Article V of the Constitution provides that, “The Congress…on the application of the legislatures of two thirds of the several states, shall call a convention for proposing amendments…”
Rep. Nate Bell’s HB 1006 would allow Arkansas to create a compact for an Article V convention focusing on a balanced budget Constitutional amendment.
Bell said about HB 1006:

The people of the United States overwhelmingly want a balanced budget. They’ve made it clear. There is overwhelming support in every poll for a balanced budget amendment. Congress just doesn’t do it, so this is exactly the moment in time that the Founders put (Article V) in the (Constitution) for.

Rep. Bob Ballinger sponsored a similar Article V bill, which also passed out of committee Friday morning. However, Ballinger’s bill includes a wider scope of issues that could be considered at a Article V Convention, if one were called.
Ballinger said at the hearing this morning on HJR 1003:

Article V was put in there specifically so that states could check, in case the federal government were to get too large and spend too much money — and it was put in as a method to create some control and put in some constraints. So that’s exactly what I feel like our obligation is to do this. Of course, if 34 states make the call, there would be a convention, and it would take 38 states to ratify anything that would come out of it.

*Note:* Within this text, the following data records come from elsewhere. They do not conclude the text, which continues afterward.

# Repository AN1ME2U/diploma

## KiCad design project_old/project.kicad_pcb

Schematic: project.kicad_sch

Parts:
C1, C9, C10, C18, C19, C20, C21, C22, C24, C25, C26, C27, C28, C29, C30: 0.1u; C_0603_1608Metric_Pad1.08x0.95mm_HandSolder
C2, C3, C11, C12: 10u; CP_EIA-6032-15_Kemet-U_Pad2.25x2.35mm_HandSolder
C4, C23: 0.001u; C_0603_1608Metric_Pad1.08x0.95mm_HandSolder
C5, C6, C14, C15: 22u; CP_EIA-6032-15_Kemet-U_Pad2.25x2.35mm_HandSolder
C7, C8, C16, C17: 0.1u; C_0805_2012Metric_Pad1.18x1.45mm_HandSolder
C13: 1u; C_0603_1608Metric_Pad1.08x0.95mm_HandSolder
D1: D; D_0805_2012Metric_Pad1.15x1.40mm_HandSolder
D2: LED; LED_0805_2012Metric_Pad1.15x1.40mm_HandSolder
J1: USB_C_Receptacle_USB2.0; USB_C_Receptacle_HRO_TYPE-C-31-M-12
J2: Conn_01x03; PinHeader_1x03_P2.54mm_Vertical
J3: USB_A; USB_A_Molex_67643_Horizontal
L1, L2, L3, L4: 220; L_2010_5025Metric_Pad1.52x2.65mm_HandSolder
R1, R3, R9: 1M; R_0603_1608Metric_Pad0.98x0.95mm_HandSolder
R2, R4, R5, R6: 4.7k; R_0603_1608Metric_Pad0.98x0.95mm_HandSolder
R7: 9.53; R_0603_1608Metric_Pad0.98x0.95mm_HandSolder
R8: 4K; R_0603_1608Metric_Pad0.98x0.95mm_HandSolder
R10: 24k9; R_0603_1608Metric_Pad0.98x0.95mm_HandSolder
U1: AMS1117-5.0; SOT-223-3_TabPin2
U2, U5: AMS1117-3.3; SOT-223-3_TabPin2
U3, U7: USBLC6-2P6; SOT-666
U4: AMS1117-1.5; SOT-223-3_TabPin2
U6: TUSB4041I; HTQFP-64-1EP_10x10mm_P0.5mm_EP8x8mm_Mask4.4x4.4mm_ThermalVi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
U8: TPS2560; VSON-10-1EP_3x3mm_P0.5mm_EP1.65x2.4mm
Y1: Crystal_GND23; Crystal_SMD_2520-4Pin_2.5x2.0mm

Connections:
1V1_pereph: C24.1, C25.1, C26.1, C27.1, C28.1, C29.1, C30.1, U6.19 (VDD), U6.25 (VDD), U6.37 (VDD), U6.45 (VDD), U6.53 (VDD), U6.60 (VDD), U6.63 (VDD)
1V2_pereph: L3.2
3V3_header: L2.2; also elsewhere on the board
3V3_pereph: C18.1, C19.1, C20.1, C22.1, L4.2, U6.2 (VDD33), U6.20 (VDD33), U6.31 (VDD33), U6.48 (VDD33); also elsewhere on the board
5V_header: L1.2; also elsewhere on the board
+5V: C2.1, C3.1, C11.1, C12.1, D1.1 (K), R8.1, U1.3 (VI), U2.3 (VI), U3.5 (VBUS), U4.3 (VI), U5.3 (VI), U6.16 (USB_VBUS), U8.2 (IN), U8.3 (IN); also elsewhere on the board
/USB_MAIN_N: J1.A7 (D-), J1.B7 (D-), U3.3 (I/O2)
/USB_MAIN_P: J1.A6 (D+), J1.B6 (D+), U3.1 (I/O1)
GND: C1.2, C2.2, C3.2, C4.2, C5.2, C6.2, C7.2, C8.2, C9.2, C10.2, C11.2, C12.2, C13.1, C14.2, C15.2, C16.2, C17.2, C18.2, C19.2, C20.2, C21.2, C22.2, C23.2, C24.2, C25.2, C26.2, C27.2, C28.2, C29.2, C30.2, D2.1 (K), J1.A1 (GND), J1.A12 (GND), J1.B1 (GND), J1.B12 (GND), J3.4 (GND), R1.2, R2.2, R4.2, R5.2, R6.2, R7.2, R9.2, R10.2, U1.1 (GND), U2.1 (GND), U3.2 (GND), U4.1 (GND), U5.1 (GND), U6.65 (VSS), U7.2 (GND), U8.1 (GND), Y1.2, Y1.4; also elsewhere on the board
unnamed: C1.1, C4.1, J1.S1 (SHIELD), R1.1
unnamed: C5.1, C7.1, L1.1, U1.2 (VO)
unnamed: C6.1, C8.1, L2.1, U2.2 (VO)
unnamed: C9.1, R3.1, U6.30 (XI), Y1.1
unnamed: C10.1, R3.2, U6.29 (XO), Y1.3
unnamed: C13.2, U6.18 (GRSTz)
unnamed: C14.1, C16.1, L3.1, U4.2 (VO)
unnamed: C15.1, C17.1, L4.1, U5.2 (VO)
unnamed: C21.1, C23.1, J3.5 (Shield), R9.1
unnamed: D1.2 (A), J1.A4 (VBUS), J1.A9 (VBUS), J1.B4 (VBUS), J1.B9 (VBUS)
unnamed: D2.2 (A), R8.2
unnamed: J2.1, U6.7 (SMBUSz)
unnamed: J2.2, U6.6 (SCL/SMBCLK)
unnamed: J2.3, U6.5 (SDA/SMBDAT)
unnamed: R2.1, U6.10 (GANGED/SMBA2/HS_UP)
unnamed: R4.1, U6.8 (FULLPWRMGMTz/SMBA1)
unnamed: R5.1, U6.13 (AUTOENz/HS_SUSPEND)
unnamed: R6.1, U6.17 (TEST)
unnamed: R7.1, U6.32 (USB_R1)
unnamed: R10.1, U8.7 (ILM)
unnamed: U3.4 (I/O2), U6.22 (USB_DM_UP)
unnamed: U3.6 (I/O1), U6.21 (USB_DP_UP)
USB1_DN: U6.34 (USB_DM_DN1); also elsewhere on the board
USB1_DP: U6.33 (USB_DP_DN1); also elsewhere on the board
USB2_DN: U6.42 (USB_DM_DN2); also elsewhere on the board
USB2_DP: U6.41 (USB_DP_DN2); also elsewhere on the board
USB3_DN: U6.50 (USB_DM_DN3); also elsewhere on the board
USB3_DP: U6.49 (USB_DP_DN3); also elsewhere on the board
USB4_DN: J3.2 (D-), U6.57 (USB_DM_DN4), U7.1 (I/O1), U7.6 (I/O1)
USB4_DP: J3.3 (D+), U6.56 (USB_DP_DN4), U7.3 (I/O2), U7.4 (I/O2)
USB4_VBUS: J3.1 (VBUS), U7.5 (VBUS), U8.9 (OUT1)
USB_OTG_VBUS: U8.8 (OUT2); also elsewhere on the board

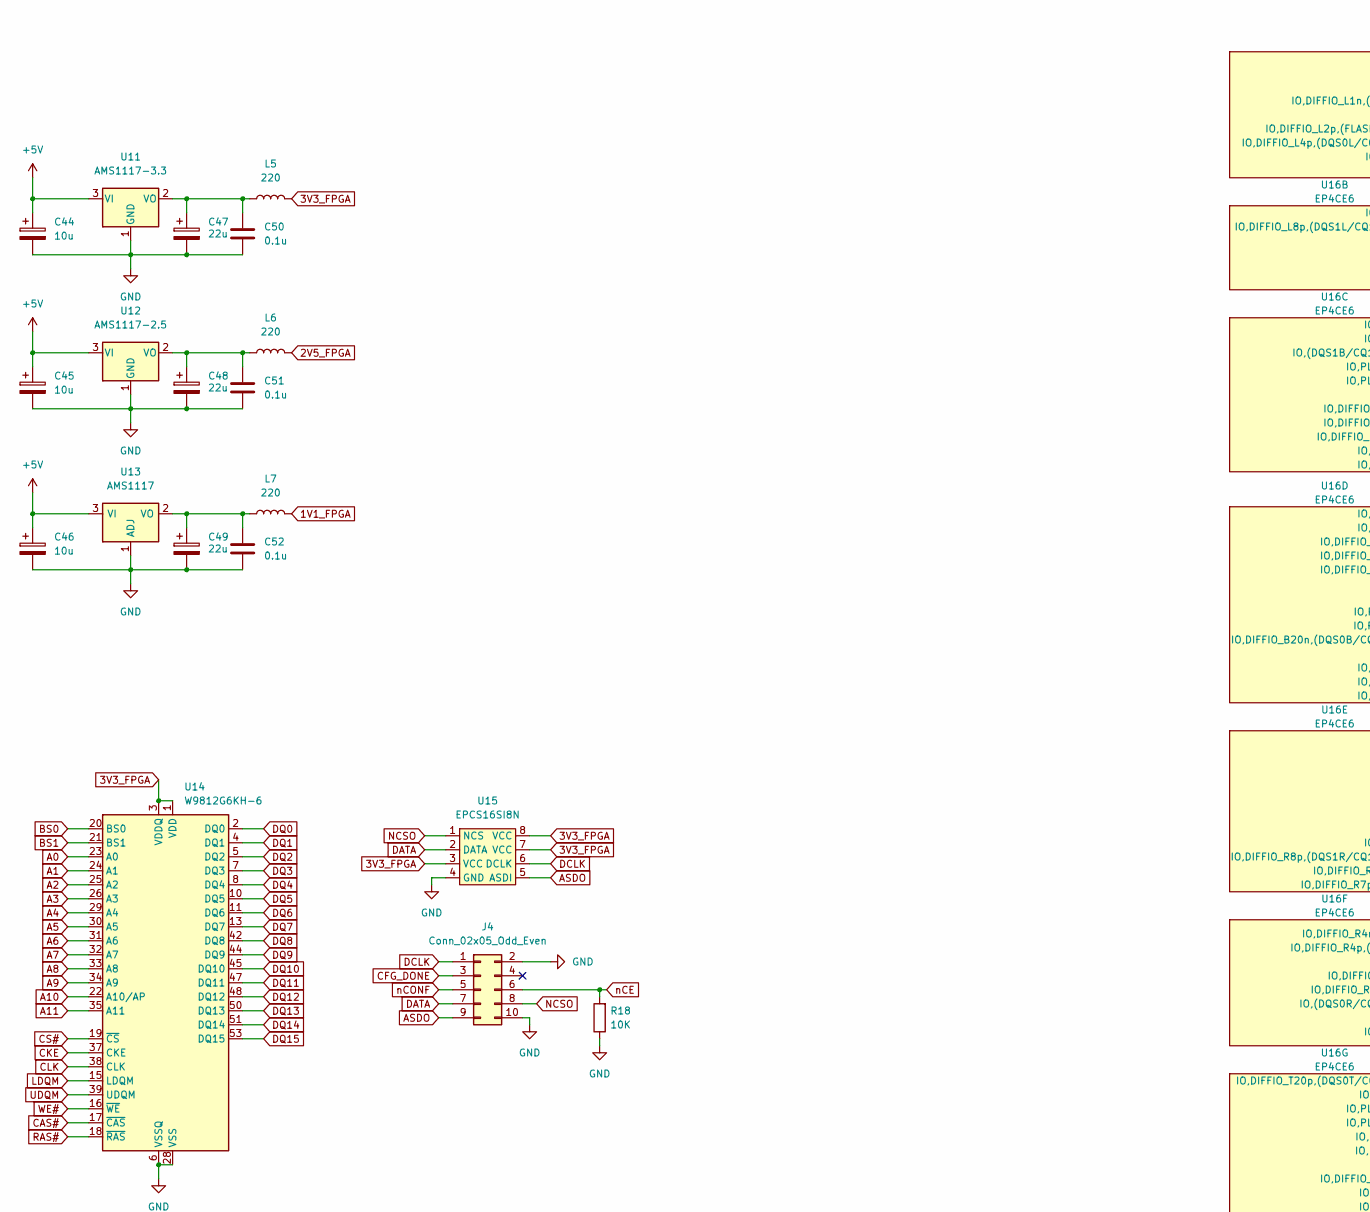
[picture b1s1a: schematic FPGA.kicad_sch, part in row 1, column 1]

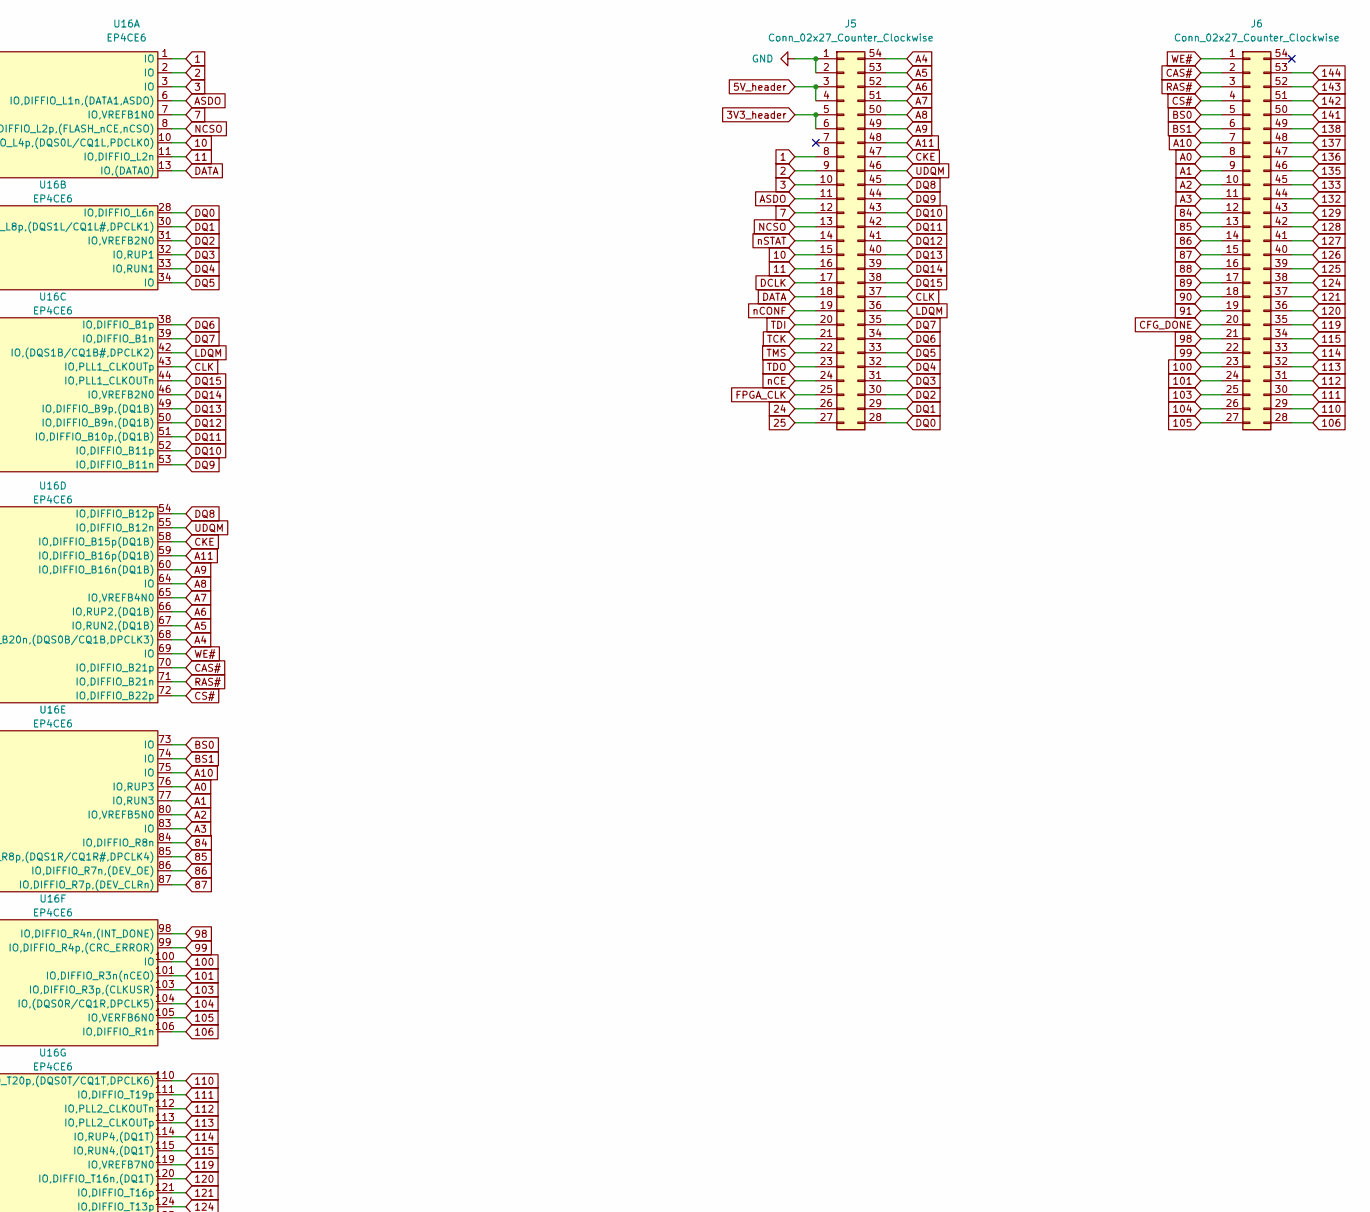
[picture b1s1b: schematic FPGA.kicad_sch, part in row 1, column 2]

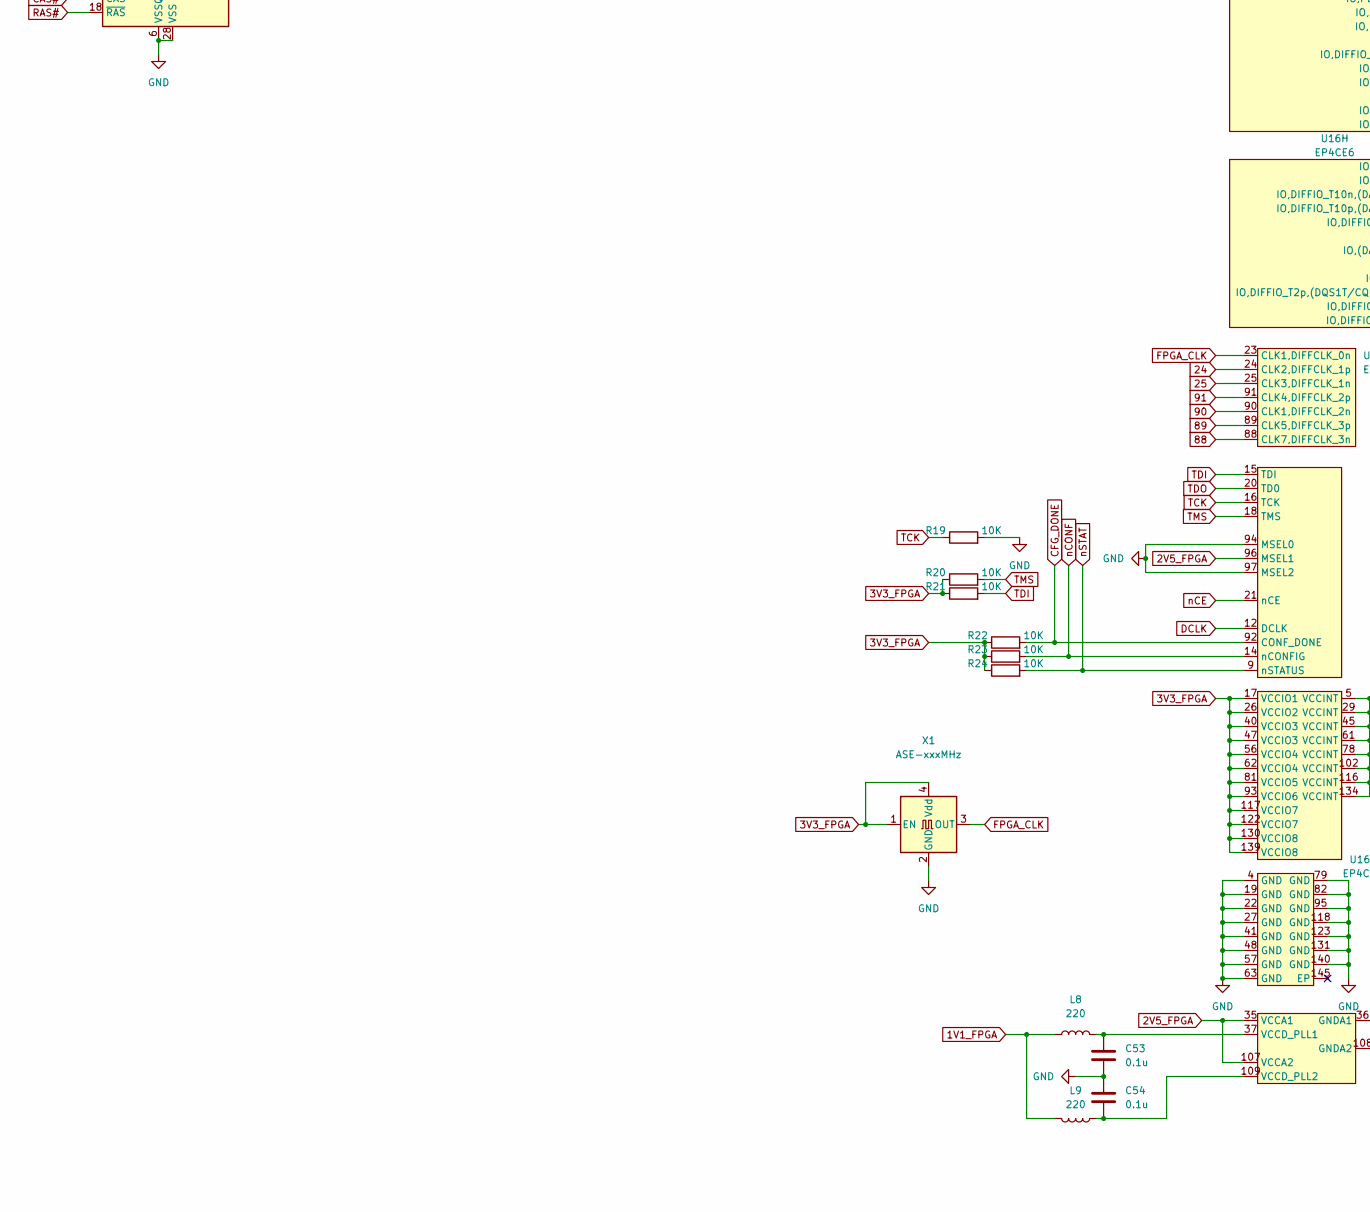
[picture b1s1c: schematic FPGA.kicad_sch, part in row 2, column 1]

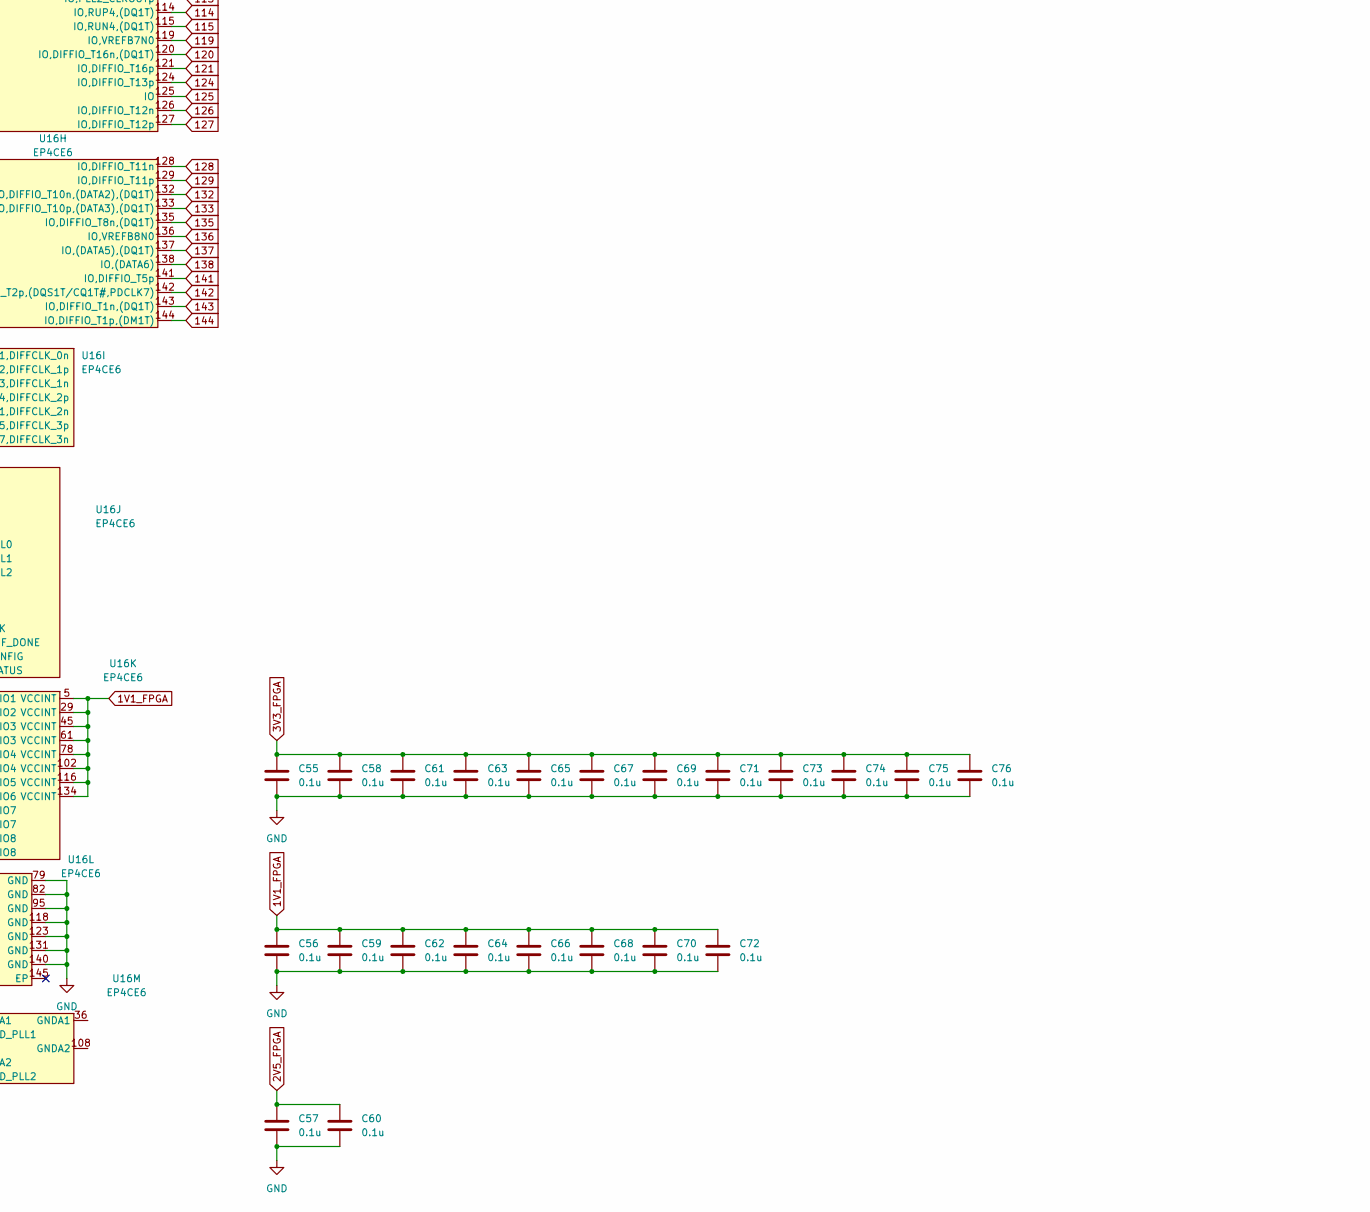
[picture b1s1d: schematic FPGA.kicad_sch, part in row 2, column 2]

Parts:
C44, C45, C46: 10u; CP_EIA-6032-15_Kemet-U_Pad2.25x2.35mm_HandSolder
C47, C48, C49: 22u; CP_EIA-6032-15_Kemet-U_Pad2.25x2.35mm_HandSolder
C50, C51, C52: 0.1u; C_0805_2012Metric_Pad1.18x1.45mm_HandSolder
C53, C54, C55, C56, C57, C58, C59, C60, C61, C62, C63, C64, C65, C66, C67, C68, C69, C70, C71, C72, C73, C74, C75, C76: 0.1u; C_0603_1608Metric_Pad1.08x0.95mm_HandSolder
J4: Conn_02x05_Odd_Even; PinHeader_2x05_P2.54mm_Vertical
J5, J6: Conn_02x27_Counter_Clockwise; PinHeader_2x27_P2.54mm_Vertical
L5, L6, L7, L8, L9: 220; L_2010_5025Metric_Pad1.52x2.65mm_HandSolder
R18, R19, R20, R21, R22, R23, R24: 10K; R_0603_1608Metric_Pad0.98x0.95mm_HandSolder
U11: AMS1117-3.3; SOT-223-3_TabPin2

According to HJR 1003’s text, if called, the convention would be “limited to proposing  amendments to the Constitution of the United States that impose fiscal restraints on the federal government, limit the power and jurisdiction of the federal government, and limit the terms of office for its officials and for members of Congress.”
Overall, these measures could significantly change the size and scope of the federal government, and could help shrink the $17 trillion debt our federal government has incurred up to this point — if enough states joined together to call for a convention.
(We’ll write soon about Rep. Karilyn Brown’s bill, which is designed to ensure that an Article V convention wouldn’t be a “runaway” convention. Brown’s bill was on the committee’s agenda for today, but the pressures of time delayed its consideration until next week.)
Federal constitutional reform invites state legislators to consider important questions about the role of government, and their efforts to roll back big government at the federal level are a continuing trend. Alaska passed an Article V Balanced Budget Compact last year. Will Arkansas be next?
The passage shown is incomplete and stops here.